There are places we move through without stopping. Hallways, waiting rooms, airports at 3am. Places designed for transition, not habitation. We call them liminal spaces—from the Latin limen, meaning threshold.
The In-Between
What makes these spaces so compelling is their incompleteness. They’re designed to be left behind, yet they linger in memory with unexpected clarity. The fluorescent hum of an empty parking garage. The particular quality of light in a hotel corridor. These details stick because they catch us in a state of suspension.

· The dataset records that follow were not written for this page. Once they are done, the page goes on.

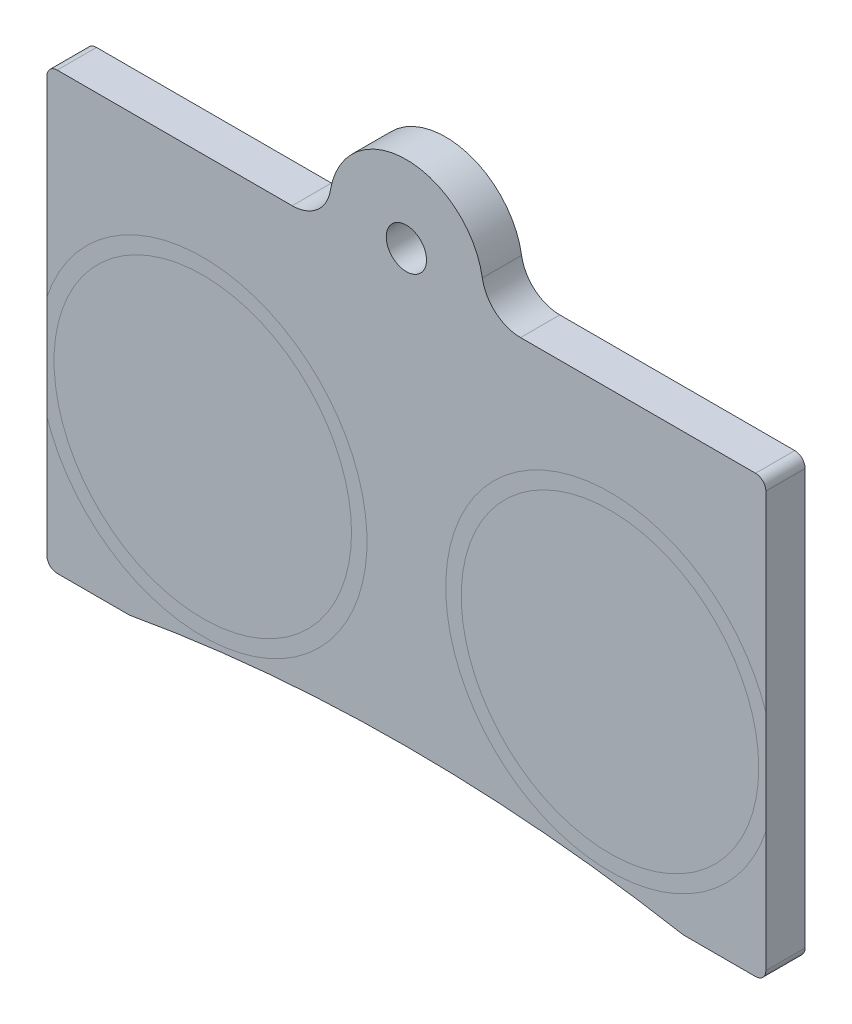
SolidWorks part; units mm, degrees
ref_plane "Front Plane" through (0, 0, 0) normal (0, 0, 1) x (1, 0, 0)
ref_plane "Top Plane" through (0, 0, 0) normal (0, 1, 0) x (1, 0, 0)
ref_plane "Right Plane" through (0, 0, 0) normal (1, 0, 0) x (0, 0, -1)
sketch "Sketch1" plane through (0, 0, 0) normal (0, 0, 1) x (1, 0, 0)
  line L0 (26.8, -44.15) -> (33.8, -44.15)
  line L1 (-33.8, -1.95) -> (-11.0544, -1.95)
  line L2 (-34.8, -2.95) -> (-34.8, -43.15)
  line L3 (-33.8, -44.15) -> (-26.8, -44.15)
  line L4 (34.8, -2.95) -> (34.8, -43.15)
  line L5 (0, -41.75) -> (34.8, -41.75) construction
  line L6 (11.0544, -1.95) -> (33.8, -1.95)
  circle A0 centre (0, 0) radius 1.95
  arc A1 (7.3532, 1.1973) -> (-7.3532, 1.1973) centre (0, 0) ccw
  arc A2 (-26.8, -44.15) -> (26.8, -44.15) centre (0, -192.5833) cw
  arc A3 (-34.8, -43.15) -> (-33.8, -44.15) centre (-33.8, -43.15) ccw
  arc A4 (-33.8, -1.95) -> (-34.8, -2.95) centre (-33.8, -2.95) ccw
  arc A5 (33.8, -1.95) -> (34.8, -2.95) centre (33.8, -2.95) cw
  arc A6 (33.8, -44.15) -> (34.8, -43.15) centre (33.8, -43.15) ccw
  arc A7 (-7.3532, 1.1973) -> (-11.0544, -1.95) centre (-11.0544, 1.8) cw
  arc A8 (7.3532, 1.1973) -> (11.0544, -1.95) centre (11.0544, 1.8) ccw
  point P12 (-34.8, -44.15)
  point P23 (34.8, -44.15)
  point P28 (7.1903, -1.95)
  dimension "D3" = 3.9
  dimension "D6" = 34.8
  dimension "D8" = 1
  dimension "D9" = 3.75
  dimension "D10" = 5.5
  dimension "D1" = 69.6
  dimension "D2" = 42.2
  dimension "D4" = 8
  dimension "D5" = 8
  dimension "D7" = 2.4
extrude "Extrude1" add sketch "Sketch1" along normal blind 3.8
sketch "Sketch3" plane through (0, 0, 3.8) normal (0, 0, 1) x (1, 0, 0)
  line L30 (-34.8, -21.4757) -> (-34.8, -31.496)
  line L31 (-34.8, -2.95) -> (-34.8, -43.15) construction
  line L32 (34.8, -21.4757) -> (34.8, -31.496)
  line L33 (34.8, -43.15) -> (34.8, -2.95) construction
  arc A1 (-34.8, -31.496) -> (-34.8, -21.4757) centre (-19.71, -26.4858) ccw construction
  arc A8 (34.8, -31.496) -> (34.8, -21.4757) centre (19.71, -26.4858) cw construction
  arc A37 (-34.8, -31.496) -> (-34.8, -21.4757) centre (-19.71, -26.4858) ccw
  arc A38 (34.8, -21.4757) -> (34.8, -31.496) centre (19.71, -26.4858) ccw
  circle A39 centre (-19.71, -26.4858) radius 14.4
  circle A40 centre (19.71, -26.4858) radius 14.4
split line "Split Line1"
sketch "Sketch4" plane through (0, 0, 0) normal (0, 0, -1) x (-1, 0, 0)
  line L0 (0, -5.1) -> (33.9, -5.1) construction
  line L2 (-33.9, -11.7179) -> (-33.9, -38.4)
  line L3 (-31.9, -40.4) -> (31.9, -40.4)
  line L4 (33.9, -11.7179) -> (33.9, -38.4)
  line L8 (0, -5.1) -> (0, -40.4) construction
  line L9 (-34.8, -43.15) -> (-34.8, -2.95) construction
  line L10 (34.8, -2.95) -> (34.8, -43.15) construction
  line L11 (11.0544, -1.95) -> (33.8, -1.95) construction
  arc A0 (-32.4672, -9.8) -> (32.4672, -9.8) centre (0, -119.5901) cw
  arc A2 (-33.9, -38.4) -> (-31.9, -40.4) centre (-31.9, -38.4) ccw
  arc A3 (31.9, -40.4) -> (33.9, -38.4) centre (31.9, -38.4) ccw
  arc A4 (32.4672, -9.8) -> (33.9, -11.7179) centre (31.9, -11.7179) cw
  arc A5 (-32.4672, -9.8) -> (-33.9, -11.7179) centre (-31.9, -11.7179) ccw
  dimension "D3" = 2
  dimension "D6" = 114.4901
  dimension "D1" = 7.85
  dimension "D2" = 67.8
  dimension "D4" = 35.3
  dimension "D5" = 30.6

We’re not quite where we were, not yet where we’re going.
Memory and Transition
The mind, perhaps, is most receptive in these threshold moments. Without the anchors of familiar routine, we notice things differently. The architecture of transition becomes visible. We see the scaffolding usually hidden by the rush of daily life.
“Not all who wander are lost, but all who linger are changed.” — Unknown
There’s something both unsettling and freeing about these spaces. They remind us that transformation isn’t always dramatic—sometimes it’s just the accumulated weight of in-between moments, the quiet drift from one state to another.
Creating Space
Maybe that’s what we’re doing when we write, when we create anything. Building our own liminal spaces. Places for others to pass through, to pause, to notice the quality of light as it filters through unfamiliar windows.
The blank page is its own kind of threshold. What we leave there becomes a doorway for someone else to walk through, momentarily suspended between where they are and where they might go next.